Every line in the records below between the one holding "for name, pattern" and the one holding "doc.linetypes.add(name, pattern=pattern)", inclusive, is to be set down exactly; all other lines are to be left out.

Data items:
# # #

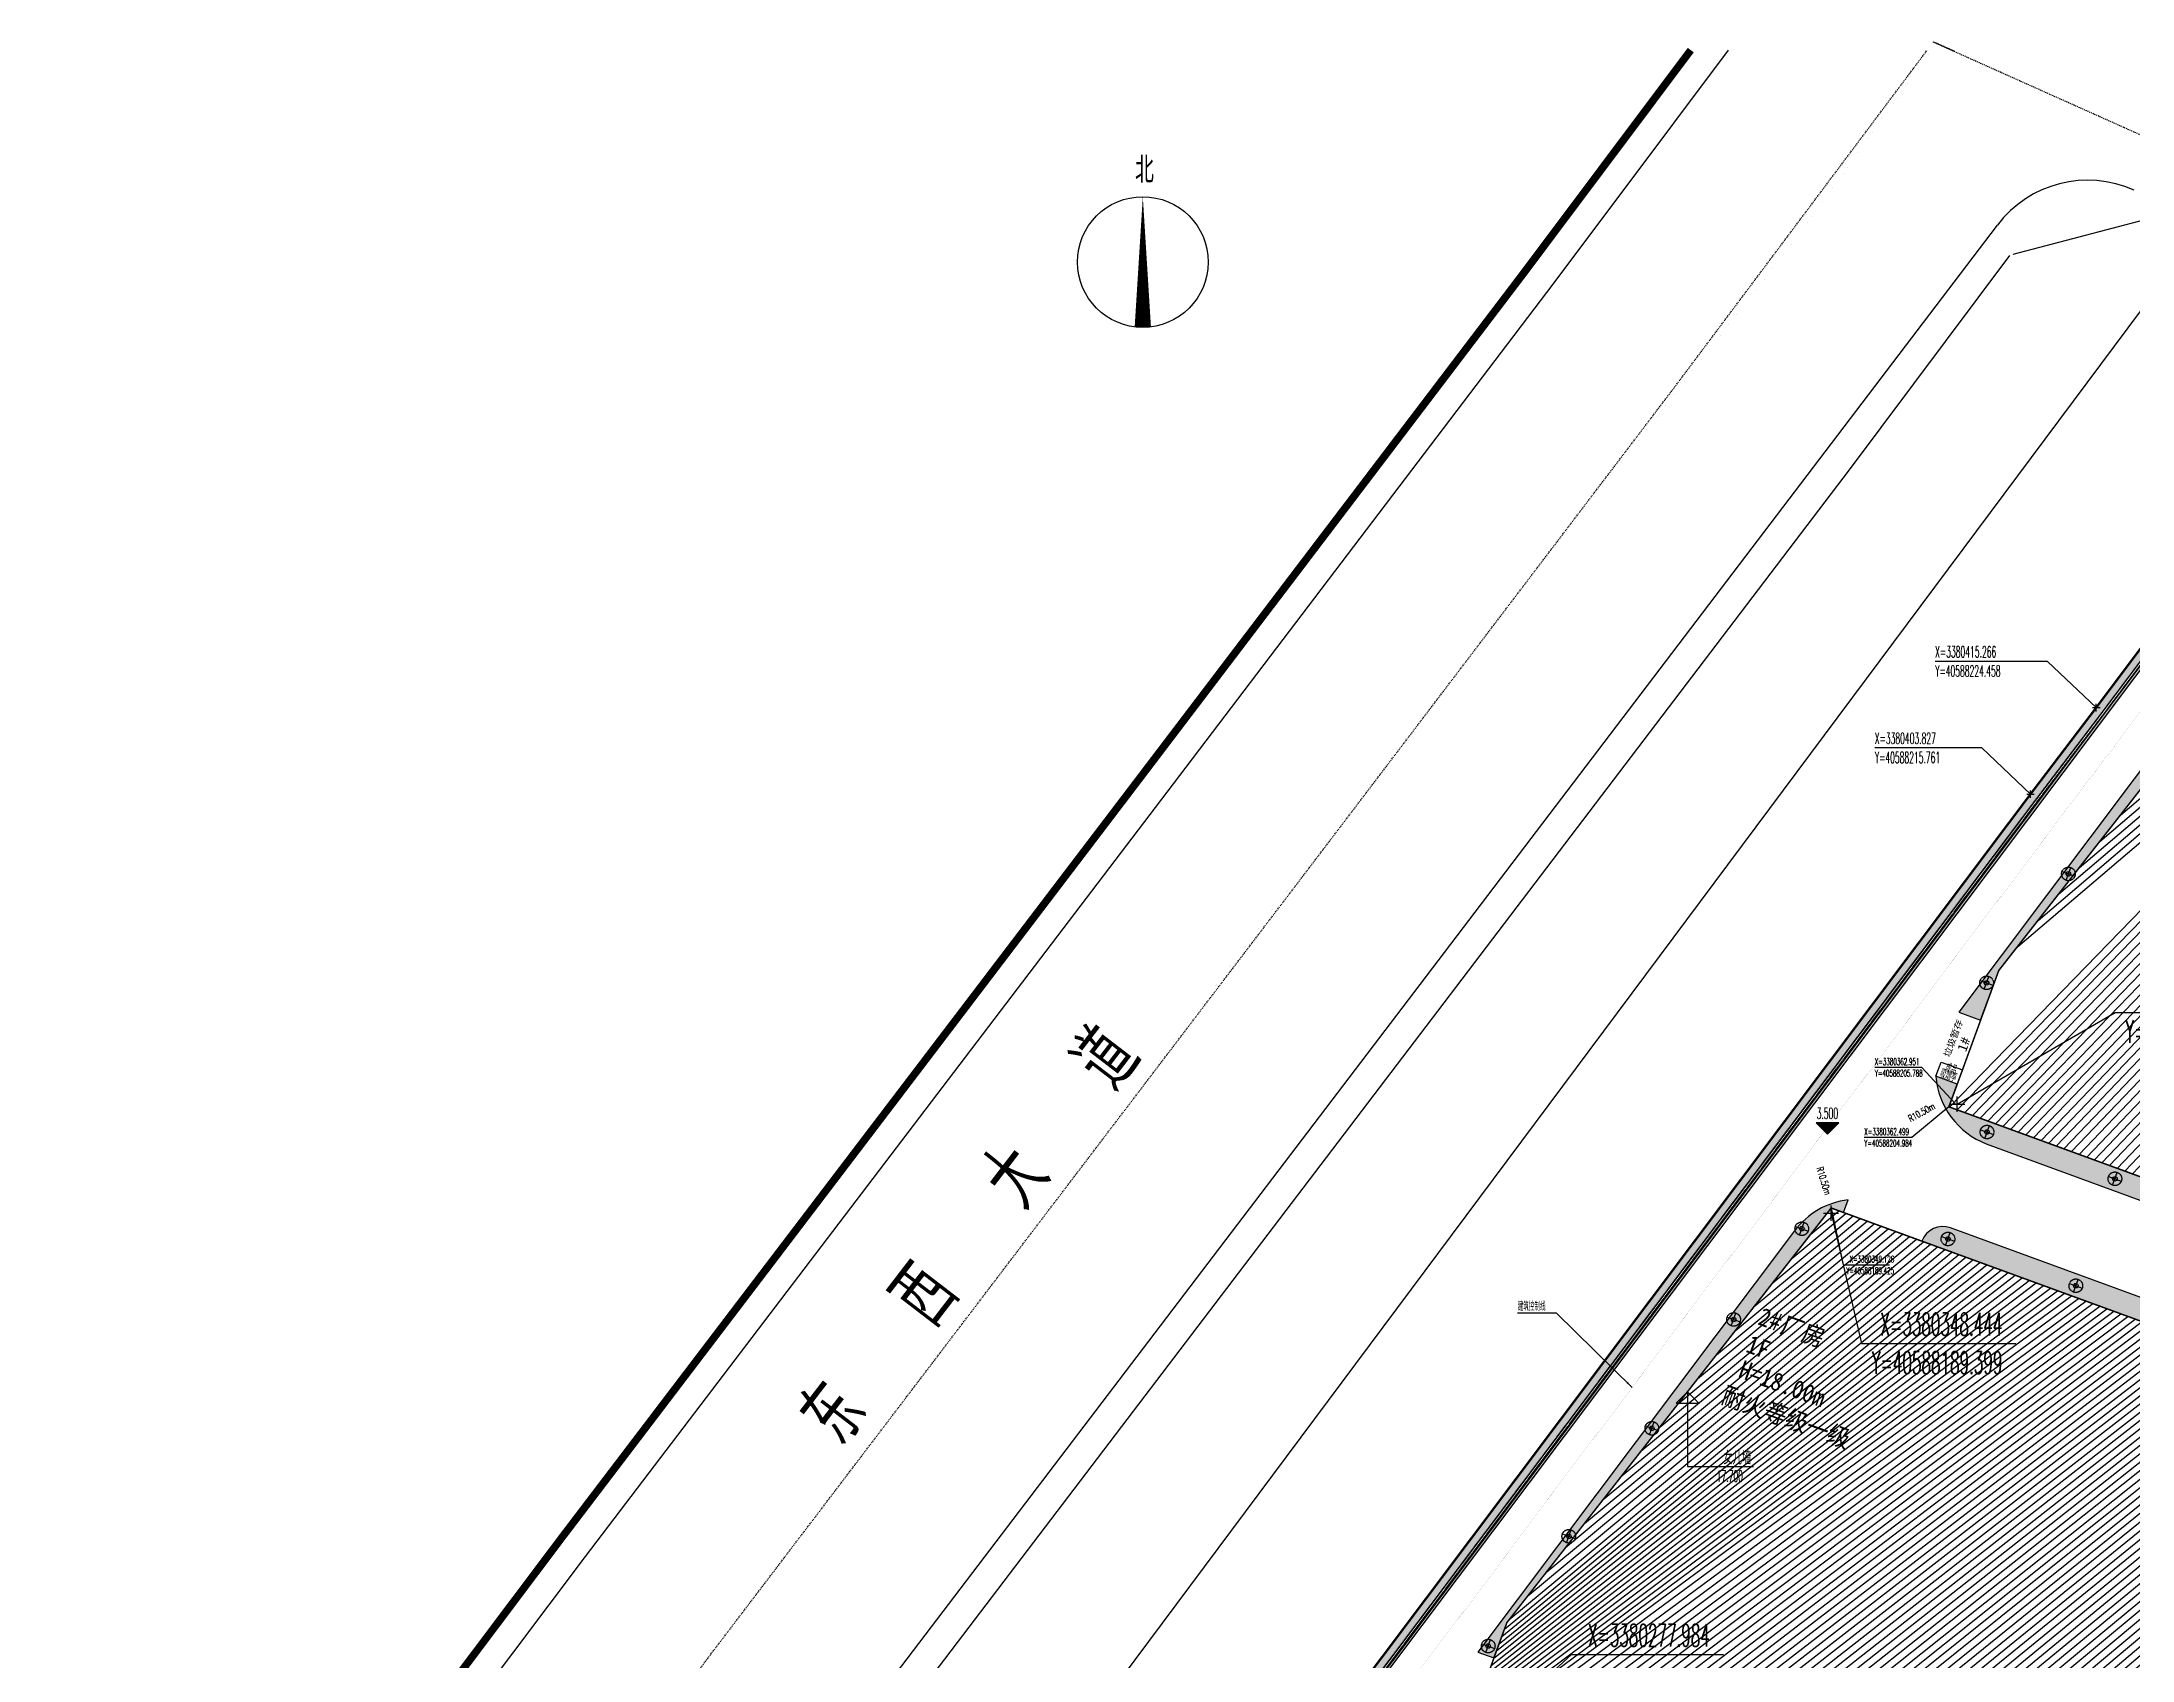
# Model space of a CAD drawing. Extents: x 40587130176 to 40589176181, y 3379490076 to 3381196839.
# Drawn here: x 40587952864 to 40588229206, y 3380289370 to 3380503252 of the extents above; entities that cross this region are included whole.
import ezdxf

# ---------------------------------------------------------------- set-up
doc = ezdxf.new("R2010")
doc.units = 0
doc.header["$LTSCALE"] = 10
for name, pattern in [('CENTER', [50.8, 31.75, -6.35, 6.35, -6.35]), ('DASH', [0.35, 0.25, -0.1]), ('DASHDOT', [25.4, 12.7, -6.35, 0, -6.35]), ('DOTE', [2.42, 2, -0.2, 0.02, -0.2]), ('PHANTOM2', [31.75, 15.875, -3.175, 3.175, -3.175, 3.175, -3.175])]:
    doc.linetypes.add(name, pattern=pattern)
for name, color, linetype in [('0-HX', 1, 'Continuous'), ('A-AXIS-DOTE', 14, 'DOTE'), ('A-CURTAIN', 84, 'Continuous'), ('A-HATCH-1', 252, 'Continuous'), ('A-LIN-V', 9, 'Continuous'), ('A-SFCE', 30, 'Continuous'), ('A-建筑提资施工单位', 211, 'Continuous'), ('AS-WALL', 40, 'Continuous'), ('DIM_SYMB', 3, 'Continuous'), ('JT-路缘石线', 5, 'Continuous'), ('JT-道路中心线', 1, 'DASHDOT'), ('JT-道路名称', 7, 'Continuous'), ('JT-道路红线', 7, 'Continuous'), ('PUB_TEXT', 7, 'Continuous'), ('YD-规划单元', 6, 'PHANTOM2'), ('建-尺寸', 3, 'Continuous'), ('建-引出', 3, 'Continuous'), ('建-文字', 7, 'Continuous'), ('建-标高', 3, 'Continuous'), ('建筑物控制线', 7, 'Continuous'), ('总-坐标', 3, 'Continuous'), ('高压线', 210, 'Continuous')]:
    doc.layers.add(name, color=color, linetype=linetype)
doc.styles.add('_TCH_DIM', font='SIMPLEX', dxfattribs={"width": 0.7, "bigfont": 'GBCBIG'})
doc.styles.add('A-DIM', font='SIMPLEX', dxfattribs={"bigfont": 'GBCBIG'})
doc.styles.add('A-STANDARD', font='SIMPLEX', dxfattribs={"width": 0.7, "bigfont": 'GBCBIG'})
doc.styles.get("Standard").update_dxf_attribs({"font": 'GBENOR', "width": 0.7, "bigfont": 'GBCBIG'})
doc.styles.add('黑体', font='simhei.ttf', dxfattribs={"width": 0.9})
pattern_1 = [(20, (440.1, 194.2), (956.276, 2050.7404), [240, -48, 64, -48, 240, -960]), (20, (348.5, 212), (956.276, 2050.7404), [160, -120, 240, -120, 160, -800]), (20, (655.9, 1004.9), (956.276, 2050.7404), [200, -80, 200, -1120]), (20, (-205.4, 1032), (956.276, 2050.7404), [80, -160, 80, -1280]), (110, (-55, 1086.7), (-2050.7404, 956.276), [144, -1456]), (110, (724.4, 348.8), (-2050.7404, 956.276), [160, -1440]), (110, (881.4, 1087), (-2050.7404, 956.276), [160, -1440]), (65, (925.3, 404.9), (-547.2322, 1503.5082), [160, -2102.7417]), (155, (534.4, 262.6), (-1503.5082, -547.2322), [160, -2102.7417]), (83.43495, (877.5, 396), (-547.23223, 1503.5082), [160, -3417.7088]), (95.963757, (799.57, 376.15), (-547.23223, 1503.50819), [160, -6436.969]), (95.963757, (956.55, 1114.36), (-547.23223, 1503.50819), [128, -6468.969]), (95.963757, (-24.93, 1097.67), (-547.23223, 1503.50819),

# # #

§ **Solved problem**:
for name, pattern in [('CENTER', [50.8, 31.75, -6.35, 6.35, -6.35]), ('DASH', [0.35, 0.25, -0.1]), ('DASHDOT', [25.4, 12.7, -6.35, 0, -6.35]), ('DOTE', [2.42, 2, -0.2, 0.02, -0.2]), ('PHANTOM2', [31.75, 15.875, -3.175, 3.175, -3.175, 3.175, -3.175])]:
    doc.linetypes.add(name, pattern=pattern)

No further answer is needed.